The lab's _ssh.wait_for_ssh polls the third form. Also: the Ubuntu live installer runs sshd on the same port during install (same banner!), so the only way to know the guest's installed system is up is to authenticate as your lab user (which the installer's sshd doesn't accept).

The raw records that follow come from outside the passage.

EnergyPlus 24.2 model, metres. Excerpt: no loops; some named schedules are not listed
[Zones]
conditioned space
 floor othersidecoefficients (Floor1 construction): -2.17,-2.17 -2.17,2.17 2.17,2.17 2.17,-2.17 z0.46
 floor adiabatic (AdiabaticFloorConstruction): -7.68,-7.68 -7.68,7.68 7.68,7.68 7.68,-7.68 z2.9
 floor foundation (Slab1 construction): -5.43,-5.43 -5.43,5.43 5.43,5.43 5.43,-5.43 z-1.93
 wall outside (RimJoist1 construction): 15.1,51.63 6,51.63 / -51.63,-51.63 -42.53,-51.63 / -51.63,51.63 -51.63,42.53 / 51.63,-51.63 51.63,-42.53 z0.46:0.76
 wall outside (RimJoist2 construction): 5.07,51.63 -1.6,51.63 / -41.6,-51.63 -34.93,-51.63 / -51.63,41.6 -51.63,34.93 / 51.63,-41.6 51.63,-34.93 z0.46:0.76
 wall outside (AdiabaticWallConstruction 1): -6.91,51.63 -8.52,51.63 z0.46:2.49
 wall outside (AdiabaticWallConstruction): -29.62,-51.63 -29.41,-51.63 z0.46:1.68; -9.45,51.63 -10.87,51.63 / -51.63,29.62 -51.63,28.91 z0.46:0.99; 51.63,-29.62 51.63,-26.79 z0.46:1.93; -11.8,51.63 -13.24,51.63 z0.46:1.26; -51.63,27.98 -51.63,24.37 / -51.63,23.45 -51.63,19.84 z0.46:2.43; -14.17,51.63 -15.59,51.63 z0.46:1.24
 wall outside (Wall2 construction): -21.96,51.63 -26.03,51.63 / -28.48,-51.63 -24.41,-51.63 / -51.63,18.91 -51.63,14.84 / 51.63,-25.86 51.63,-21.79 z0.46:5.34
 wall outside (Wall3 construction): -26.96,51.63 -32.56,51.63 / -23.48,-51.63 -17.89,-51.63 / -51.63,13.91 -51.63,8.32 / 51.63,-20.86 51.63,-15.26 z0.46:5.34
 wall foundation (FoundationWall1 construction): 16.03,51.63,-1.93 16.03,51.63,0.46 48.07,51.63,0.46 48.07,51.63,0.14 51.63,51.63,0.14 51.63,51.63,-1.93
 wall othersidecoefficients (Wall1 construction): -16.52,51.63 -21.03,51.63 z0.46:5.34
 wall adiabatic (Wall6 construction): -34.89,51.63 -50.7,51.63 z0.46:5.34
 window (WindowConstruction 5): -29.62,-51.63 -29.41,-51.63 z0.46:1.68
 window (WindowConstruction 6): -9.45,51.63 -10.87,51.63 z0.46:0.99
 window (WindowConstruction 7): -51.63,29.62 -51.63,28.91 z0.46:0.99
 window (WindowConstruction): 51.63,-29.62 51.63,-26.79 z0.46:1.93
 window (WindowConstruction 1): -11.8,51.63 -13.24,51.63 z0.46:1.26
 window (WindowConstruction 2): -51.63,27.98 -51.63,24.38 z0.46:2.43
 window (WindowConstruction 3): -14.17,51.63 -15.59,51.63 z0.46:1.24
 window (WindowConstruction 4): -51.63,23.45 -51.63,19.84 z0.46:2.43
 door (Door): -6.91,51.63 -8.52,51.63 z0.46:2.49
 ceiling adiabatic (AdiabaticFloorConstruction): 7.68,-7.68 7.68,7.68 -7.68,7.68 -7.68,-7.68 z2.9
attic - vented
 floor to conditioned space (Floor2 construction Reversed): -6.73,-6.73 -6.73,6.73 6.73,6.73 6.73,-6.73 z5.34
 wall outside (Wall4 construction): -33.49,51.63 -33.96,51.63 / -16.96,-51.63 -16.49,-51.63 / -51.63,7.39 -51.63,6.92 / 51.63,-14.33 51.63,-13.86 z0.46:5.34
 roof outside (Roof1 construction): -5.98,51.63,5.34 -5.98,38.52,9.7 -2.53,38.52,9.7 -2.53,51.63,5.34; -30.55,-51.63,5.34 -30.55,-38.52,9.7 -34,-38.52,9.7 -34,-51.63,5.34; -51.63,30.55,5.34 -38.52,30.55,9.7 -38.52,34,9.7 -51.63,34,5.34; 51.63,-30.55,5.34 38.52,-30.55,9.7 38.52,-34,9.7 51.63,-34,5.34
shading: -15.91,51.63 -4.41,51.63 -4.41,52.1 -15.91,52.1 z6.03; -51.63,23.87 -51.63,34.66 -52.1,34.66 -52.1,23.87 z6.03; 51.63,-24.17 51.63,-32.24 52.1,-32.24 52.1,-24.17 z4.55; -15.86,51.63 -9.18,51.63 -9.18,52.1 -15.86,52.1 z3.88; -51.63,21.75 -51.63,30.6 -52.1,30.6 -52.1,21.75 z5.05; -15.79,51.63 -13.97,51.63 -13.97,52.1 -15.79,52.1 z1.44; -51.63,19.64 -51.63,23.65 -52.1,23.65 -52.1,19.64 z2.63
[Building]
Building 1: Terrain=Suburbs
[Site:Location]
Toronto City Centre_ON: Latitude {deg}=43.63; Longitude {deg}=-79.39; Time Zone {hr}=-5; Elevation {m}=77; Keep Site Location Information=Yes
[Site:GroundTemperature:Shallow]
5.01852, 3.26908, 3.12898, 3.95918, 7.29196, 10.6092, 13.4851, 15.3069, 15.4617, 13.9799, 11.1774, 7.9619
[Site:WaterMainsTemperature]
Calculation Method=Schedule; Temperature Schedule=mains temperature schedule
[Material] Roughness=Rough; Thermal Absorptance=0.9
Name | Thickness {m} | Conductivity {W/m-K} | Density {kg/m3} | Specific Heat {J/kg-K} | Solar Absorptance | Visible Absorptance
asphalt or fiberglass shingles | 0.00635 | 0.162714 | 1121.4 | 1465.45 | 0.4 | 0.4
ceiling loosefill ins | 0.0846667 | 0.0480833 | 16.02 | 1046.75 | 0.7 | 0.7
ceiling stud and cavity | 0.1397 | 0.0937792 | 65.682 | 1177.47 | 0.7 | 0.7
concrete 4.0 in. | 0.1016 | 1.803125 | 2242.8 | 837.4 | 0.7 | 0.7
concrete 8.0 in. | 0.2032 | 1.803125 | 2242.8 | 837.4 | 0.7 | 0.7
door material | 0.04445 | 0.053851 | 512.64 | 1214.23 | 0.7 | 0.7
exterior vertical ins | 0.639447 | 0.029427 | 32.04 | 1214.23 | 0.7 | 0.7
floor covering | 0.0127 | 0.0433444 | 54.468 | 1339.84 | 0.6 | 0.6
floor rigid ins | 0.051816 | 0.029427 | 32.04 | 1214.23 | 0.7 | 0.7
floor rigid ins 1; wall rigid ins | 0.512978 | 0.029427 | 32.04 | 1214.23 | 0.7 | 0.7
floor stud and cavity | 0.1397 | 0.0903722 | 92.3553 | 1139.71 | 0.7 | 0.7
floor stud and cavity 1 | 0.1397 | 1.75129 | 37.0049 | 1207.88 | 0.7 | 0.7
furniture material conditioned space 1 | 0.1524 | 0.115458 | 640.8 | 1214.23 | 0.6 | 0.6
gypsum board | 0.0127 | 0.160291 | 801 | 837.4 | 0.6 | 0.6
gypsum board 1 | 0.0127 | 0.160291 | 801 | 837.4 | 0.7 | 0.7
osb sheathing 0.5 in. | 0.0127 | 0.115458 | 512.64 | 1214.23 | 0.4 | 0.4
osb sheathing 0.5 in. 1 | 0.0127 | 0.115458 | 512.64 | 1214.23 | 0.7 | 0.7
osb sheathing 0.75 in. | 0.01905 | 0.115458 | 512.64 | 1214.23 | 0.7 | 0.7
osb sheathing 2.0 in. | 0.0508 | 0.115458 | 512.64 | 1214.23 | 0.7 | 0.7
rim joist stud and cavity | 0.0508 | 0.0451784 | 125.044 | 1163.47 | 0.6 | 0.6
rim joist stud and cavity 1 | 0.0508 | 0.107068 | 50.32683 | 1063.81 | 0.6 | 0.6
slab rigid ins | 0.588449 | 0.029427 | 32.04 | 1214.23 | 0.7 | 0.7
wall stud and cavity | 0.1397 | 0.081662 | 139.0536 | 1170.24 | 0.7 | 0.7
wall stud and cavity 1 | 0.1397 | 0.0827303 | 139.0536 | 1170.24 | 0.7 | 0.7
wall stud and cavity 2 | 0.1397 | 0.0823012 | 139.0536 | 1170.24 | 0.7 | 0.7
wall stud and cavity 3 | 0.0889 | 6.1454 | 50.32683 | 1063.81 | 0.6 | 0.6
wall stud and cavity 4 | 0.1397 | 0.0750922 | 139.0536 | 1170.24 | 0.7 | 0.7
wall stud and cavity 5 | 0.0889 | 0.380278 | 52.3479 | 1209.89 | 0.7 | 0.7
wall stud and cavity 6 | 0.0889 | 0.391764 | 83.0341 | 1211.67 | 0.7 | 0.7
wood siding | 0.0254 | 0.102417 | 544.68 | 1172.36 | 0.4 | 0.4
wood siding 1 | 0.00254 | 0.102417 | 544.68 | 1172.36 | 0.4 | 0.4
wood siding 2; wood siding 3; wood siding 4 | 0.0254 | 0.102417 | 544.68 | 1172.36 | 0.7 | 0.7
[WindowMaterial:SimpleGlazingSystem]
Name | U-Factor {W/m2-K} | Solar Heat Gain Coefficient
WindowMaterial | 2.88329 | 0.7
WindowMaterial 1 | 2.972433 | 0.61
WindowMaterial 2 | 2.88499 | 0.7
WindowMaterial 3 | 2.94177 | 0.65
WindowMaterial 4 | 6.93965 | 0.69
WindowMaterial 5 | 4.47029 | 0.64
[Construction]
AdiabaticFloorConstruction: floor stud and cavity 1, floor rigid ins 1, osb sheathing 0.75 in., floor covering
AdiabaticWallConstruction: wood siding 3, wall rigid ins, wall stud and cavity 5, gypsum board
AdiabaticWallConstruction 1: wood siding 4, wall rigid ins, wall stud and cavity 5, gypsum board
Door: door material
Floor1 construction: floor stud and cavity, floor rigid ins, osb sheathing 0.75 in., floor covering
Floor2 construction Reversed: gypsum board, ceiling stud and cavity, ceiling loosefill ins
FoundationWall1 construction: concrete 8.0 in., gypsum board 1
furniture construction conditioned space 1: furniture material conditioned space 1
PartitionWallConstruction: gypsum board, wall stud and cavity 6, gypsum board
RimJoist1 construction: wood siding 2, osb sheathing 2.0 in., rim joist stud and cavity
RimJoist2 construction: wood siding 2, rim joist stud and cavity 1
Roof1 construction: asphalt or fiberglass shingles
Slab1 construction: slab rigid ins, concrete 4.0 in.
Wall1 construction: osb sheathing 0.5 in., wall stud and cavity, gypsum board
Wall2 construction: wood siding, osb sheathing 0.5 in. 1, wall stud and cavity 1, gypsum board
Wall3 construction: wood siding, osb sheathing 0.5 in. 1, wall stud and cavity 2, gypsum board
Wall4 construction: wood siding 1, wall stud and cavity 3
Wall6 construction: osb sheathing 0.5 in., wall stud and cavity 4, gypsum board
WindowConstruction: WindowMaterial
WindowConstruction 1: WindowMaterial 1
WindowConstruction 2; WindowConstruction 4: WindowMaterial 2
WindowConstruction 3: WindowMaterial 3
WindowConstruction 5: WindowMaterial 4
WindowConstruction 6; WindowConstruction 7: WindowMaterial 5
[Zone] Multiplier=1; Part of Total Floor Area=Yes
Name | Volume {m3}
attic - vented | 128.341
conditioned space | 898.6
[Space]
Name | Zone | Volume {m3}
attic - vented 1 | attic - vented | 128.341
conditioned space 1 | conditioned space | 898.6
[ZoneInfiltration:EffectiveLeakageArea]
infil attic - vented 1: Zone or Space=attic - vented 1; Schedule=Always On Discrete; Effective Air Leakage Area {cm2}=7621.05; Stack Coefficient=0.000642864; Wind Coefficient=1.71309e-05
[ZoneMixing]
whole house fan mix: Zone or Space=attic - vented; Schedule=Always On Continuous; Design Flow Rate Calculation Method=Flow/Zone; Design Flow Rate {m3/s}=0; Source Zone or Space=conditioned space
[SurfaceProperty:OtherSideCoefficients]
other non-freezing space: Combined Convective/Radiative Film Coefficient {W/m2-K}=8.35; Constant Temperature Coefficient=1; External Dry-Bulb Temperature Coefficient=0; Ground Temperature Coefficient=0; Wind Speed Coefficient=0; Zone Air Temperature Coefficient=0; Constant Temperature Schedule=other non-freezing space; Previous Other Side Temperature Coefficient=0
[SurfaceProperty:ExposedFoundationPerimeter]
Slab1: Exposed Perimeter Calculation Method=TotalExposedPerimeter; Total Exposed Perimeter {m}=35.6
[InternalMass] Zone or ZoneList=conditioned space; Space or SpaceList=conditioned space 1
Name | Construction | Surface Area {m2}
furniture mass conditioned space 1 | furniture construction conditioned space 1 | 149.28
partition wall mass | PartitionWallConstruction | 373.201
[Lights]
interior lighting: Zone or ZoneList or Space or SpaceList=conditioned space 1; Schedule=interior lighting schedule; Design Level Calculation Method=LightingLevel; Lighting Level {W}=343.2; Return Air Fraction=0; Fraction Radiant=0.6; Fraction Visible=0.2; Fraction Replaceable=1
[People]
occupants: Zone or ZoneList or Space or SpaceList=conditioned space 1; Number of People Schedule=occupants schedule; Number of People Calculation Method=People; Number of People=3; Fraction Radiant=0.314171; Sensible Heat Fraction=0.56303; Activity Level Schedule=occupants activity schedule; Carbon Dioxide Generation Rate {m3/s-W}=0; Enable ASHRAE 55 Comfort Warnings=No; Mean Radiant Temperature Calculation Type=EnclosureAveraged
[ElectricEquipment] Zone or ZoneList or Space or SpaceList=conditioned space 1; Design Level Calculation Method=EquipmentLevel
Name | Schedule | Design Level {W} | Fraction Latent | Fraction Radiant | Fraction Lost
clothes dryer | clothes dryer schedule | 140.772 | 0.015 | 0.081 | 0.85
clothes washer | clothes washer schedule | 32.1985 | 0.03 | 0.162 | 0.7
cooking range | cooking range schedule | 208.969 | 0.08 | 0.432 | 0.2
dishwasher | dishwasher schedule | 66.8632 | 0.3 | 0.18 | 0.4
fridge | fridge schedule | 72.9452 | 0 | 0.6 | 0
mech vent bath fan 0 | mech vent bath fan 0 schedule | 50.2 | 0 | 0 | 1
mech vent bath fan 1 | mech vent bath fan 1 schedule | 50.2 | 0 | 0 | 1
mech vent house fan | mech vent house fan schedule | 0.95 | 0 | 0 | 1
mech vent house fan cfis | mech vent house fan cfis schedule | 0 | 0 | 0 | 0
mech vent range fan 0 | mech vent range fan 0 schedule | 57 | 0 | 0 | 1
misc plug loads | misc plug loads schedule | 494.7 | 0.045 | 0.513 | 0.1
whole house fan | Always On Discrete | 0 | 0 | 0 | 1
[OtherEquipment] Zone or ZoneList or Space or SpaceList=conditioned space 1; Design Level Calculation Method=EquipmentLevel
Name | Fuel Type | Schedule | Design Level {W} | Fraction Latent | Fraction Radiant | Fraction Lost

Parse --machinereadable, never the human form

# BAD — `head -1` could fail if VirtualBox changes the format
VBoxManage showvminfo test | grep "VRAM size" | awk '{print $3}'

# GOOD — stable key=value format
VBoxManage showvminfo test --machinereadable | awk -F= '/^VRAM=/{print $2}'

For complex queries, --machinereadable is essentially a flat ini file (quotes around values that need them). Easy to parse in any language.

In Python:

def showvminfo(name: str) -> dict[str, str]:
    out = subprocess.run(
        ["VBoxManage", "showvminfo", name, "--machinereadable"],
        capture_output=True, text=True, check=True,
    ).stdout
    info = {}
    for line in out.splitlines():
        if "=" in line:
            key, _, value = line.partition("=")
            info[key.strip()] = value.strip().strip('"')
    return info

The lab's _vbox.showvminfo() is exactly this.

Errors are valuable; capture and inspect

VBoxManage exits non-zero with a useful stderr on every error. Wrap subprocess calls to surface it:

result = subprocess.run(
    cmd, capture_output=True, text=True, check=False,
)
if result.returncode != 0:
    raise RuntimeError(
        f"VBoxManage failed (exit {result.returncode}): {' '.join(cmd)}\n"
        f"stderr: {result.stderr.strip()}\n"
        f"stdout: {result.stdout.strip()}"
    )

The lab's _vbox._run does this. Saves an enormous amount of debugging time when a flag is wrong.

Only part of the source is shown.